How Hackers Take Advantage of Gateways
One of the most basic email checks is the SPF and DKIM authentication of the sending SMTP server. This validates that an email from "company.com" truly came from "company.com". However, when you change your MX record and send it through a gateway, every email is sent from the MTA IP address (as we discussed above) and fails both of these fundamental checks.
So, in order to prevent Microsoft from rejecting every email sent by the MTA gateway, you must put the Mimecast and Proofpoint servers on a list of "Trusted Servers".
"To ensure emails are delivered from Mimecast to Office 365, the Mimecast service IP Ranges should be added to the Allowed List in the Connection Filtering Policy within the Office 365 Exchange Admin Center (EAC).” - Mimecast Deployment Instructions
Unfortunately, this "Allowed List" transport rule effectively bypasses Microsoft's own protection.
You can see this in the header of every email that uses an MTA (see Microsoft Message Headers).
So, from Office 365's perspective, this IP address that belongs to Mimecast is marked as a trusted sender for every email. Therefore, every email will bypass Microsoft's filters and be delivered to the user's inbox. If the MTA misses a malicious email, Microsoft's own security will never see it.
Why Securing Email from inside The Cloud Is Important
Avanan is uniquely positioned to measure the effectiveness of Microsoft's email security. Because we connect via API, we are able to scan email in the line of email traffic — after it has been scanned by Microsoft, but before it arrives in the inbox.
This is true across all of our customers — regardless of if they use only Microsoft's default security, Advance Threat Protection (ATP), or Mimecast and Proofpoint. This allows us to compare the effectiveness of each email provider's security during large phishing or malware outbreaks.
Avanan’s anti-phishing solution is different than Proofpoint and Mimecast in a few key ways:
1. It Enables One-Click Deployment
Because Avanan is deployed internally, we are uniquely positioned inside of cloud email. We scan internal threats with no additional, cumbersome configuration, as is the case with gateways.
- Approve our app from your admin account and in minutes, Avanan connects directly to the native API of your Office 365 or Gmail environment—completely out of band, with no need for a proxy, appliance, or endpoint agent.
- We see everything that Google and Microsoft can, and catch threats that were specifically engineered to bypass them.
Rather than replacing one security layer with another (as you would have to with Proofpoint or Mimecast), Avanan is another security layer added to the default security in the platform. Working via API, we scan emails after they pass through Microsoft's filters, but before they reach the inbox — focusing specifically on what they miss. Because we connect directly to Microsoft's back end, we can analyze and block a malicious email before it gets to the user's inbox.
Deploying via API gives Avanan 100% visibility and more advanced enforcement.

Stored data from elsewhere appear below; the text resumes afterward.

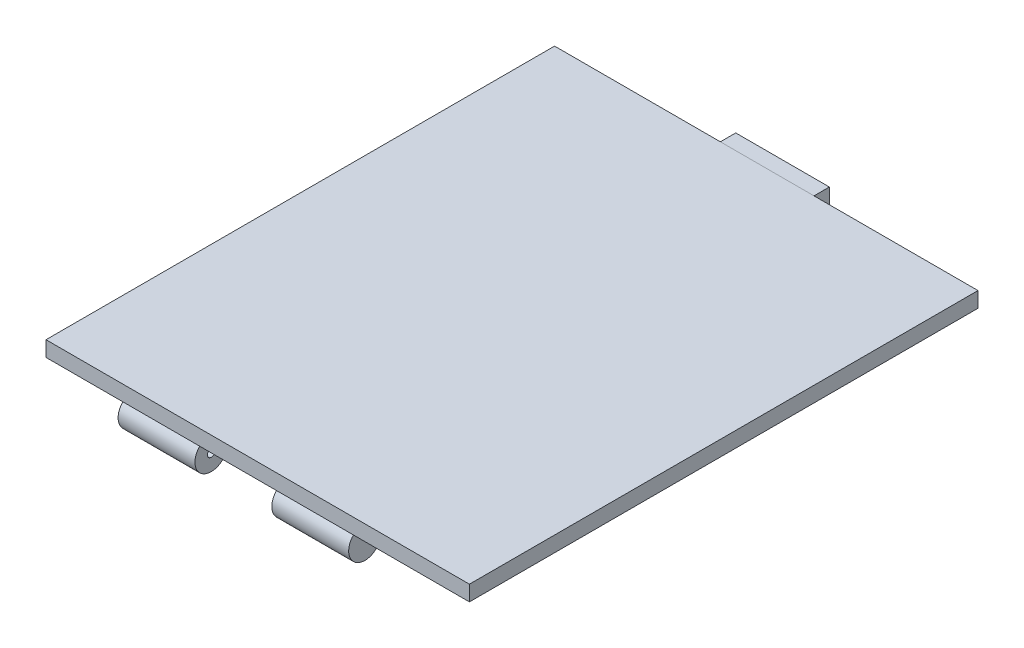
ISO-10303-21;
HEADER;
FILE_DESCRIPTION(('STEP AP214'),'2;1');
FILE_NAME('part.step','',(''),(''),'','','');
FILE_SCHEMA(('AUTOMOTIVE_DESIGN { 1 0 10303 214 1 1 1 1 }'));
ENDSEC;
DATA;
#1=APPLICATION_CONTEXT('core data for automotive mechanical design processes');
#2=APPLICATION_PROTOCOL_DEFINITION('international standard','automotive_design',2000,#1);
#3=PRODUCT_CONTEXT('',#1,'mechanical');
#4=PRODUCT('Part','Part','',(#3));
#5=PRODUCT_RELATED_PRODUCT_CATEGORY('part','',(#4));
#6=PRODUCT_DEFINITION_FORMATION('','',#4);
#7=PRODUCT_DEFINITION_CONTEXT('part definition',#1,'design');
#8=PRODUCT_DEFINITION('design','',#6,#7);
#9=PRODUCT_DEFINITION_SHAPE('','',#8);
#10=(LENGTH_UNIT() NAMED_UNIT(*) SI_UNIT(.MILLI.,.METRE.));
#11=(NAMED_UNIT(*) PLANE_ANGLE_UNIT() SI_UNIT($,.RADIAN.));
#12=(NAMED_UNIT(*) SI_UNIT($,.STERADIAN.) SOLID_ANGLE_UNIT());
#13=UNCERTAINTY_MEASURE_WITH_UNIT(LENGTH_MEASURE(1.E-05),#10,'distance_accuracy_value','');
#14=(GEOMETRIC_REPRESENTATION_CONTEXT(3) GLOBAL_UNCERTAINTY_ASSIGNED_CONTEXT((#13)) GLOBAL_UNIT_ASSIGNED_CONTEXT((#10,
#11,#12)) REPRESENTATION_CONTEXT('',''));
#15=CARTESIAN_POINT('',(0.,0.,0.));
#16=DIRECTION('',(0.,0.,1.));
#17=DIRECTION('',(1.,0.,0.));
#18=AXIS2_PLACEMENT_3D('',#15,#16,#17);
#19=CARTESIAN_POINT('',(0.,2.,-2.));
#20=DIRECTION('',(0.,-1.,0.));
#21=DIRECTION('',(0.,0.,-1.));
#22=AXIS2_PLACEMENT_3D('',#19,#20,#21);
#23=PLANE('',#22);
#24=DIRECTION('',(1.,0.,0.));
#25=VECTOR('',#24,1.);
#26=CARTESIAN_POINT('',(0.,2.,0.));
#27=LINE('',#26,#25);
#28=CARTESIAN_POINT('',(21.570158565403,2.,0.));
#29=VERTEX_POINT('',#28);
#30=CARTESIAN_POINT('',(33.7548871875866,2.,0.));
#31=VERTEX_POINT('',#30);
#32=EDGE_CURVE('E161',#29,#31,#27,.T.);
#33=ORIENTED_EDGE('',*,*,#32,.T.);
#34=DIRECTION('',(0.,0.,1.));
#35=VECTOR('',#34,1.);
#36=CARTESIAN_POINT('',(33.7548871875866,2.,-2.00000000000001));
#37=LINE('',#36,#35);
#38=CARTESIAN_POINT('',(33.7548871875866,2.,-2.00000000000001));
#39=VERTEX_POINT('',#38);
#40=EDGE_CURVE('E58',#39,#31,#37,.T.);
#41=ORIENTED_EDGE('',*,*,#40,.F.);
#42=DIRECTION('',(1.,0.,0.));
#43=VECTOR('',#42,1.);
#44=CARTESIAN_POINT('',(0.,2.,-2.));
#45=LINE('',#44,#43);
#46=CARTESIAN_POINT('',(21.570158565403,2.,-2.00000000000001));
#47=VERTEX_POINT('',#46);
#48=EDGE_CURVE('E140',#47,#39,#45,.T.);
#49=ORIENTED_EDGE('',*,*,#48,.F.);
#50=DIRECTION('',(0.,0.,1.));
#51=VECTOR('',#50,1.);
#52=CARTESIAN_POINT('',(21.570158565403,2.,-2.00000000000001));
#53=LINE('',#52,#51);
#54=EDGE_CURVE('E73',#47,#29,#53,.T.);
#55=ORIENTED_EDGE('',*,*,#54,.T.);
#56=EDGE_LOOP('',(#33,#41,#49,#55));
#57=FACE_BOUND('',#56,.T.);
#58=ADVANCED_FACE('F50',(#57),#23,.F.);
#59=CARTESIAN_POINT('',(33.7548871875866,0.,-2.00000000000001));
#60=DIRECTION('',(1.,0.,0.));
#61=DIRECTION('',(0.,0.,-1.));
#62=AXIS2_PLACEMENT_3D('',#59,#60,#61);
#63=PLANE('',#62);
#64=DIRECTION('',(0.,0.348047068519465,0.937477060036675));
#65=VECTOR('',#64,1.);
#66=CARTESIAN_POINT('',(33.7548871875866,-5.72819739649923,0.126646503408183));
#67=LINE('',#66,#65);
#68=CARTESIAN_POINT('',(33.7548871875866,-6.51773466929334,-2.00000000000001));
#69=VERTEX_POINT('',#68);
#70=CARTESIAN_POINT('',(33.7548871875866,-5.77521608754618,0.));
#71=VERTEX_POINT('',#70);
#72=EDGE_CURVE('E65',#69,#71,#67,.T.);
#73=ORIENTED_EDGE('',*,*,#72,.F.);
#74=DIRECTION('',(0.,1.,0.));
#75=VECTOR('',#74,1.);
#76=CARTESIAN_POINT('',(33.7548871875866,0.,-2.00000000000001));
#77=LINE('',#76,#75);
#78=EDGE_CURVE('E142',#69,#39,#77,.T.);
#79=ORIENTED_EDGE('',*,*,#78,.T.);
#80=ORIENTED_EDGE('',*,*,#40,.T.);
#81=DIRECTION('',(0.,1.,0.));
#82=VECTOR('',#81,1.);
#83=CARTESIAN_POINT('',(33.7548871875866,0.,0.));
#84=LINE('',#83,#82);
#85=EDGE_CURVE('E163',#71,#31,#84,.T.);
#86=ORIENTED_EDGE('',*,*,#85,.F.);
#87=EDGE_LOOP('',(#73,#79,#80,#86));
#88=FACE_BOUND('',#87,.T.);
#89=ADVANCED_FACE('F191',(#88),#63,.T.);
#90=CARTESIAN_POINT('',(32.5665912020275,0.,-2.00000000000001));
#91=DIRECTION('',(-1.,0.,0.));
#92=DIRECTION('',(0.,0.,1.));
#93=AXIS2_PLACEMENT_3D('',#90,#91,#92);
#94=PLANE('',#93);
#95=DIRECTION('',(0.,-1.,0.));
#96=VECTOR('',#95,1.);
#97=CARTESIAN_POINT('',(32.5665912020275,0.,0.));
#98=LINE('',#97,#96);
#99=CARTESIAN_POINT('',(32.5665912020275,-4.5,0.));
#100=VERTEX_POINT('',#99);
#101=CARTESIAN_POINT('',(32.5665912020275,-5.49325838084499,0.));
#102=VERTEX_POINT('',#101);
#103=EDGE_CURVE('E152',#100,#102,#98,.T.);
#104=ORIENTED_EDGE('',*,*,#103,.F.);
#105=DIRECTION('',(0.,0.,1.));
#106=VECTOR('',#105,1.);
#107=CARTESIAN_POINT('',(32.5665912020275,-4.5,-2.00000000000001));
#108=LINE('',#107,#106);
#109=CARTESIAN_POINT('',(32.5665912020275,-4.5,-2.00000000000001));
#110=VERTEX_POINT('',#109);
#111=EDGE_CURVE('E106',#110,#100,#108,.T.);
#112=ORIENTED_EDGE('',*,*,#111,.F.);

Because we are working within Microsoft's infrastructure, we can monitor inbound, outbound, and internal email that would normally be missed by an external email gateway. In fact, we can go back in time and search the company's inbox for past attacks, identifying compromised accounts.
More importantly, we can reach into a user's inbox and quarantine emails that are discovered to be malicious after they are delivered. (For example, when it was discovered that an internal account had been compromised, we were able to quarantine every previous email sent by that account across the enterprise.)
Hackers Can't See What Security You're Using
Secure email gateways require that you change your DNS MX record to point to the security provider instead of your cloud email provider. The consequence of this setup is that any hacker can know what security service you have selected and reverse engineer it in a replicated environment to eventually send you malware that they know can bypass your security measures.
On the other hand, API-based solutions do not expose the security you chose.